[Entries taken from a collection]

· · · ·

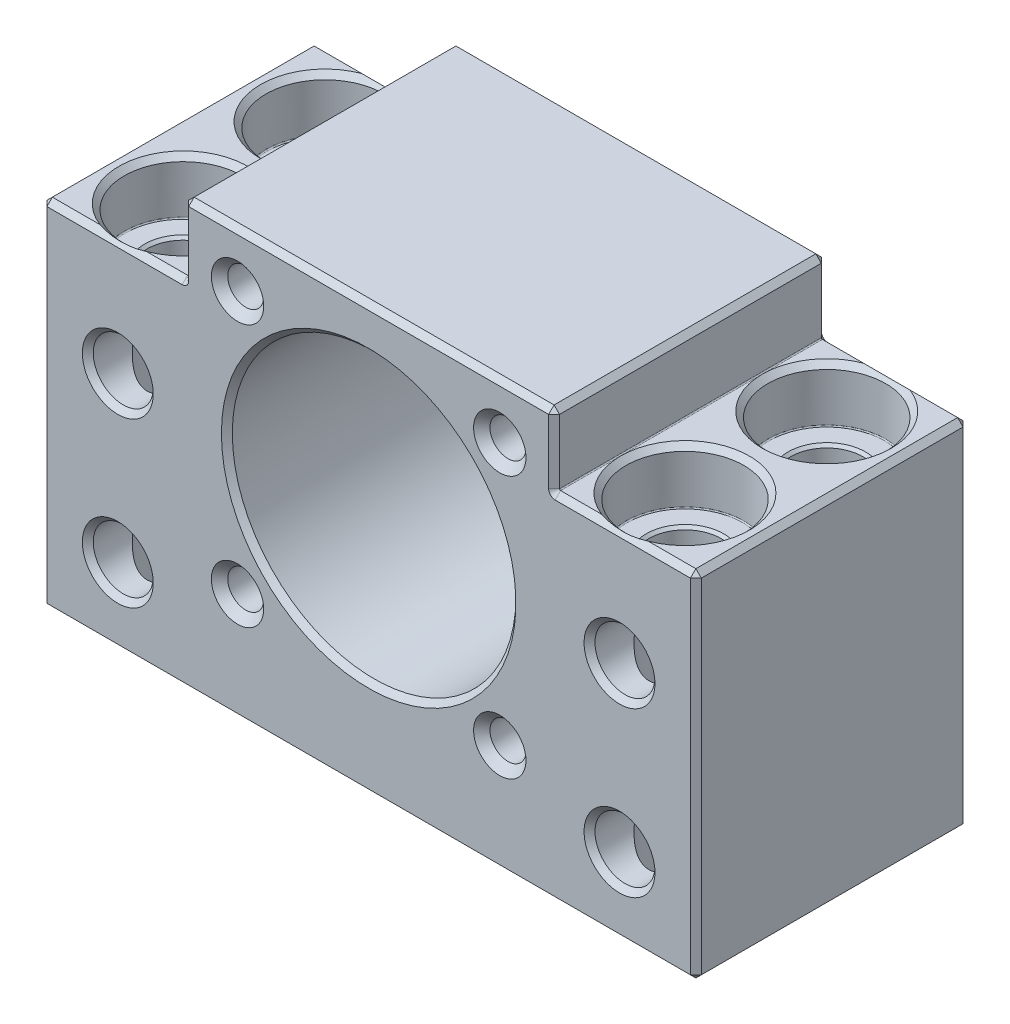
SolidWorks part; units mm, degrees
material "1023 Carbon Steel Sheet (SS)"
ref_plane "Front Plane" through (0, 0, 0) normal (0, 0, 1) x (1, 0, 0)
ref_plane "Top Plane" through (0, 0, 0) normal (0, 1, 0) x (1, 0, 0)
ref_plane "Right Plane" through (0, 0, 0) normal (1, 0, 0) x (0, 0, -1)
sketch "BK Body Sketch" plane through (0, 0, 0) normal (0, 0, 1) x (1, 0, 0)
  line L0 (30, -22) -> (-30, -22)
  line L1 (-30, -22) -> (-30, 10.5)
  line L2 (-30, 10.5) -> (-17, 10.5)
  line L3 (-17, 10.5) -> (-17, 17)
  line L4 (-17, 17) -> (17, 17)
  line L5 (17, 17) -> (17, 10.5)
  line L6 (17, 10.5) -> (30, 10.5)
  line L7 (30, 10.5) -> (30, -22)
  point P2 (0, -22)
  point P9 (0, 17)
  dimension "B" = 60
  dimension "B1" = 34
  dimension "H2" = 22
  dimension "H1" = 32.5
  dimension "H" = 39
extrude "BK Body" add sketch "BK Body Sketch" along normal mid plane 25
sketch "BK B-Flange" plane through (0, 0, 0) normal (0, 0, 1) x (1, 0, 0)
  circle A0 centre (0, 0) radius 11
  dimension "DOS" = 22
extrude "BK Flange" cut sketch "BK B-Flange" against normal through all both and the other way through all
sketch "BK B-Hole" plane through (0, 0, 12.5) normal (0, 0, 1) x (1, 0, 0)
  circle A0 centre (0, 0) radius 11 construction
  circle A1 centre (0, 0) radius 11
  circle A2 centre (0, 0) radius 13
  dimension "DO" = 26
extrude "BK Bearing" cut sketch "BK B-Hole" against normal offset from surface (20 mm away) 5 up to face at (11, 0, -12.5)
hole_wizard "Vertical Holes" positions "Sketch1" profile "Sketch2" counterbore size "M6" standard "ISO" end condition through all
sketch "Sketch1" plane through (0, 10.5, 0) normal (0, 1, 0) x (1, 0, 0)
  line L0 (23, 6.5) -> (-23, 6.5) construction
  line L3 (-17, 12.5) -> (-30, 12.5) construction
  point P0 (-23, 6.5)
  point P2 (-23, -6.5)
  point P4 (23, 6.5)
  point P6 (23, -6.5)
  point P11 (0, 6.5)
  dimension "P" = 46
  dimension "C1" = 13
  dimension "C2" = 6
sketch "Sketch2" plane through (-23, 10.5, -6.5) normal (1, 0, 0) x (0, 0, 1)
  line L0 (0, 0) -> (0, 32.5)
  line L1 (3.3, 32) -> (3.8, 32.5)
  line L2 (3.3, 32) -> (3.3, 5.25)
  line L3 (3.3, 5.25) -> (3.55, 5)
  line L4 (3.55, 5) -> (5.4, 5)
  line L5 (5.4, 5) -> (5.4, 0.5)
  line L6 (5.4, 0.5) -> (5.9, 0)
  line L7 (5.9, 0) -> (0, 0)
  line L8 (-5.4, 0.5) -> (-5.9, 0) construction
  line L9 (-3.3, 5.25) -> (-3.55, 5) construction
  line L11 (0, -6.35) -> (0, 107.95) construction
  line L12 (3.8, 32.5) -> (0, 32.5)
  line L13 (-3.3, 32) -> (-3.8, 32.5) construction
  dimension "Thru Hole Dia." = 6.6
  dimension "Thru Hole Depth" = 32.5
  dimension "C'Bore Dia." = 10.8
  dimension "C'Bore Depth" = 5
  dimension "Near C'Sink Dia." = 11.8
  dimension "Near C'Sink Angle" = 90
  dimension "Mid C'Sink Dia." = 7.1
  dimension "Mid C'Sink Angle" = 90
  dimension "Far C'Sink Dia." = 7.6
  dimension "Far C'Sink Angle" = 90
hole_wizard "Horizontal Holes" positions "Sketch3" profile "Sketch4" hole size "M5" standard "ISO" end condition through all
sketch "Sketch3" plane through (0, 0, 12.5) normal (0, 0, 1) x (1, 0, 0)
  line L0 (23, 0) -> (-23, 0) construction
  point P0 (-23, 0)
  point P2 (-23, -15)
  point P4 (23, 0)
  point P6 (23, -15)
  point P12 (0, 0)
  dimension "P" = 46
  dimension "E" = 15
sketch "Sketch4" plane through (-23, 0, 12.5) normal (1, 0, 0) x (0, -1, 0)
  line L0 (0, 0) -> (0, 25)
  line L1 (0, 25) -> (3.25, 25)
  line L2 (2.75, 24.5) -> (2.75, 0.5)
  line L3 (2.75, 0.5) -> (3.25, 0)
  line L5 (3.25, 0) -> (0, 0)
  line L6 (-2.75, 0.5) -> (-3.25, 0) construction
  line L7 (3.25, 25) -> (2.75, 24.5)
  line L8 (-3.25, 25) -> (-2.75, 24.5) construction
  line L11 (0, -6.35) -> (0, 107.95) construction
  dimension "Near C'Sink Angle" = 90
  dimension "Far C'Sink Angle" = 90
  dimension "Thru Hole Dia." = 5.5
  dimension "Thru Hole Depth" = 25
  dimension "Near C'Sink Dia." = 6.5
  dimension "Far C'Sink Dia." = 6.5
hole_wizard "Flange Holes" positions "Sketch5" profile "Sketch6" tap size "M4" standard "ISO"
sketch "Sketch5" plane through (0, 0, 12.5) normal (0, 0, 1) x (1, 0, 0)
  line L0 (12.0208, 12.0208) -> (-12.0208, -12.0208) construction
  line L1 (-12.0208, -12.0208) -> (-12.0208, 12.0208) construction
  line L3 (12.0208, 12.0208) -> (-12.0208, 12.0208) construction
  point P0 (-12.0208, 12.0208)
  point P2 (12.0208, 12.0208)
  point P4 (12.0208, -12.0208)
  point P6 (-12.0208, -12.0208)
  point P13 (0, 0)
  dimension "rf" = 34
sketch "Sketch6" plane through (-12.0208, 12.0208, 12.5) normal (1, 0, 0) x (0, -1, 0)
  line L0 (0, 0) -> (0, 12.4914)
  line L1 (0, 12.4914) -> (1.65, 11.5)
  line L2 (1.65, 11.5) -> (1.65, 0.75)
  line L3 (1.65, 0.75) -> (2.4, 0)
  line L5 (2.4, 0) -> (0, 0)
  line L6 (-1.65, 0.75) -> (-2.4, 0) construction
  line L10 (0, 12.4914) -> (-1.65, 11.5) construction
  line L11 (0, -6.35) -> (0, 107.95) construction
  dimension "Near C'Sink Angle" = 90
  dimension "Tap Drill Dia." = 3.3
  dimension "Tap Drill Depth" = 11.5
  dimension "Near C'Sink Dia." = 4.8
  dimension "Drill Angle" = 118
cosmetic thread "Hole Thread1" parameters "D1"=8, "D2"=4
cosmetic thread "Hole Thread2" parameters "D1"=8, "D2"=4
cosmetic thread "Hole Thread3" parameters "D1"=8, "D2"=4
cosmetic thread "Hole Thread4" parameters "D1"=8, "D2"=4
fillet "Bearing Fillet" radius 0.15 1 edges at (-13, 0, -7.5)
fillet "Production Fillet" radius 0.1 6 edges at (-17, 10.5, 0) (17, 10.5, 0) (-23, 5.5, 11.9) (-23, 5.5, -1.1) (23, 5.5, 11.9) (23, 5.5, -1.1)
chamfer "Aesthetic Chamfer" distance 0.5 angle 45 29 edges at (17, 17, 0) (0, 17, 12.5) (-17, 17, 0) (0, 17, -12.5) (-17, 13.8, -12.5) (17, 13.8, -12.5) (17, 13.8, 12.5) (-17, 13.8, 12.5) (-17.0293, 10.5293, -12.5) (17.0293, 10.5293, -12.5) (17.0293, 10.5293, 12.5) (-17.0293, 10.5293, 12.5) (-30, 10.5, 0) (-30, -22, 0) (-23.55, 10.5, -12.5) (-30, -5.75, -12.5) (30, -22, 0) (0, -22, -12.5) (30, -5.75, -12.5) (23.55, 10.5, -12.5) (30, 10.5, 0) (23.55, 10.5, 12.5) (30, -5.75, 12.5) (0, -22, 12.5) (-30, -5.75, 12.5) (-23.55, 10.5, 12.5) (11, 0, -12.5) (-11, 0, -7.5) (13, 0, 12.5)
equation "\"Near C'Sink Dia.@Sketch2\"= \"C'Bore Dia.@Sketch2\" + 1"
equation "\"Mid C'Sink Dia.@Sketch2\"= \"Thru Hole Dia.@Sketch2\" + 0.5"
equation "\"Far C'Sink Dia.@Sketch2\"= \"Thru Hole Dia.@Sketch2\" + 1"
equation "\"rf@Sketch5\"= 2 * ( \"H@BK Body Sketch\" - \"H2@BK Body Sketch\" )'Flange Holes distance"
equation "\"Far C'Sink Dia.@Sketch4\"= \"Thru Hole Dia.@Sketch4\" + 1"
equation "\"Near C'Sink Dia.@Sketch6\"= \"Tap Drill Dia.@Sketch6\" + 1.5"
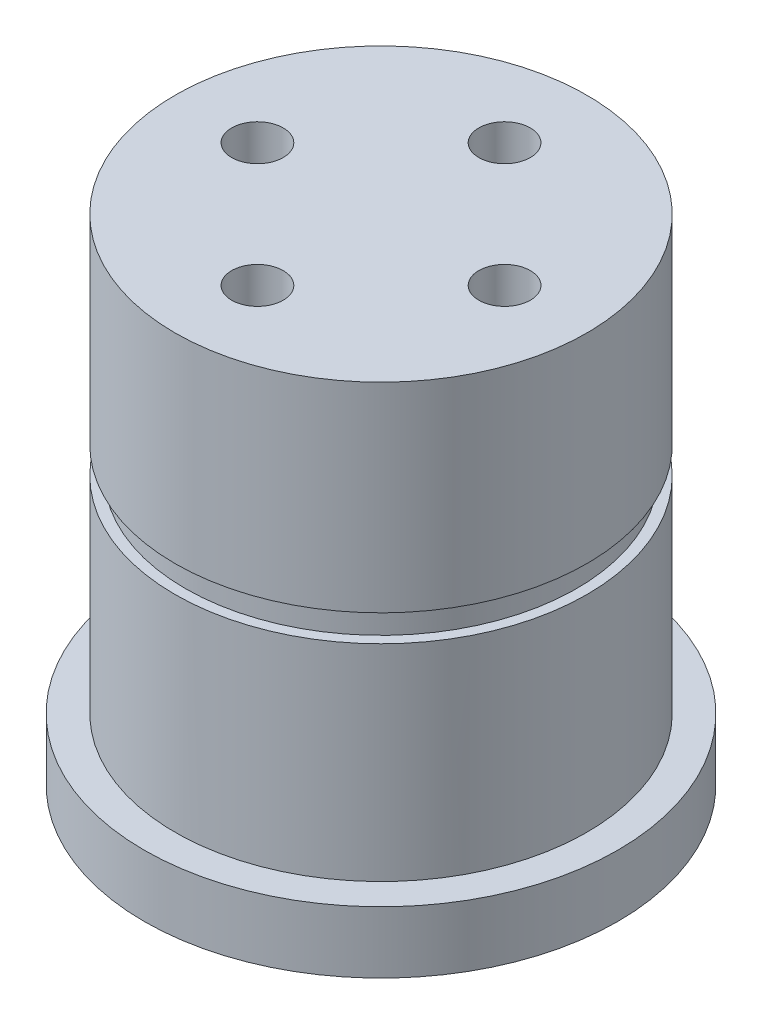
SolidWorks part; units mm, degrees
material "Сплав 2024"
ref_plane "Спереди" through (0, 0, 0) normal (0, 0, 1) x (1, 0, 0)
ref_plane "Сверху" through (0, 0, 0) normal (0, 1, 0) x (1, 0, 0)
ref_plane "Справа" through (0, 0, 0) normal (1, 0, 0) x (0, 0, -1)
sketch "Эскиз1" plane through (0, 0, 0) normal (0, 1, 0) x (1, 0, 0)
  circle A0 centre (0, 0) radius 10
  dimension "D1" = 20
extrude "Бобышка-Вытянуть1" add sketch "Эскиз1" along normal blind 24
sketch "Эскиз5" plane through (0, 0, 0) normal (0, -1, 0) x (1, 0, 0)
  line L0 (0, 10) -> (0, -10) construction
  line L1 (10, 0) -> (-10, 0) construction
  circle A1 centre (0, 0) radius 6 construction
  circle A2 centre (0, 0) radius 10 construction
  dimension "D1" = 12
hole_wizard "Отверстие обработанное метчиком M3x0.52" positions "Эскиз7" profile "Эскиз6" tap size "M3x0.5" standard "Ansi Metric"
sketch "Эскиз7" plane through (-4.8388, 24, -4.76) normal (0, -1, 0) x (-1, 0, 0)
  line L2 (-4.8388, -14.76) -> (-4.8388, 5.24) construction
  line L4 (-14.8388, -4.76) -> (5.1612, -4.76) construction
  circle A0 centre (-4.8388, -4.76) radius 6 construction
  point P0 (-4.8388, 1.24)
  point P6 (-10.8388, -4.76)
  point P10 (-4.8388, -10.76)
  point P12 (1.1612, -4.76)
sketch "Эскиз6" plane through (0, 24, -6) normal (1, 0, 0) x (0, 0, 1)
  line L0 (0, 0) -> (0, 9.2511)
  line L1 (0, 9.2511) -> (1.25, 8.5)
  line L2 (1.25, 8.5) -> (1.25, 0)
  line L5 (1.25, 0) -> (0, 0)
  line L10 (0, 9.2511) -> (-1.25, 8.5) construction
  line L11 (0, -6.35) -> (0, 107.95) construction
  dimension "Диаметр сверла" = 2.5
  dimension "Глубина сверла" = 8.5
  dimension "Угол заточки сверла" = 118
cosmetic thread "Отверстие резьбы1" parameters "D1"=6, "D2"=3
cosmetic thread "Отверстие резьбы2" parameters "D1"=6, "D2"=3
cosmetic thread "Отверстие резьбы3" parameters "D1"=6, "D2"=3
cosmetic thread "Отверстие резьбы4" parameters "D1"=6, "D2"=3
ref_plane "Плоскость2" through (0, 3, 0) normal (0, -1, 0) x (-1, 0, 0)
sketch "Эскиз10" plane through (0, 3, 0) normal (0, -1, 0) x (-1, 0, 0)
  circle A0 centre (0, 0) radius 11.5
  circle A2 centre (0, 0) radius 10
  circle A3 centre (0, 0) radius 10 construction
  dimension "D1" = 23
extrude "Бобышка-Вытянуть2" add sketch "Эскиз10" along normal up to surface (3 mm away) up to face at (0, 0, 10)
ref_plane "Плоскость1" through (0, 13, 0) normal (0, 1, 0) x (1, 0, 0)
sketch "Эскиз8" plane through (0, 13, 0) normal (0, 1, 0) x (1, 0, 0)
  circle A0 centre (0, 0) radius 10
  circle A1 centre (0, 0) radius 10 construction
  circle A3 centre (0, 0) radius 9.5
  dimension "D1" = 19
extrude "Вырез-Вытянуть1" cut sketch "Эскиз8" along normal blind 1.3

· · · ·

Above are the records. Print exactly, and only, the lines from the line with "line L0 (23, 6.5)" to the line with "(-23, 10.5, -6.5)", both inclusive.

TASK OUTPUT >>
  line L0 (23, 6.5) -> (-23, 6.5) construction
  line L3 (-17, 12.5) -> (-30, 12.5) construction
  point P0 (-23, 6.5)
  point P2 (-23, -6.5)
  point P4 (23, 6.5)
  point P6 (23, -6.5)
  point P11 (0, 6.5)
  dimension "P" = 46
  dimension "C1" = 13
  dimension "C2" = 6
sketch "Sketch2" plane through (-23, 10.5, -6.5) normal (1, 0, 0) x (0, 0, 1)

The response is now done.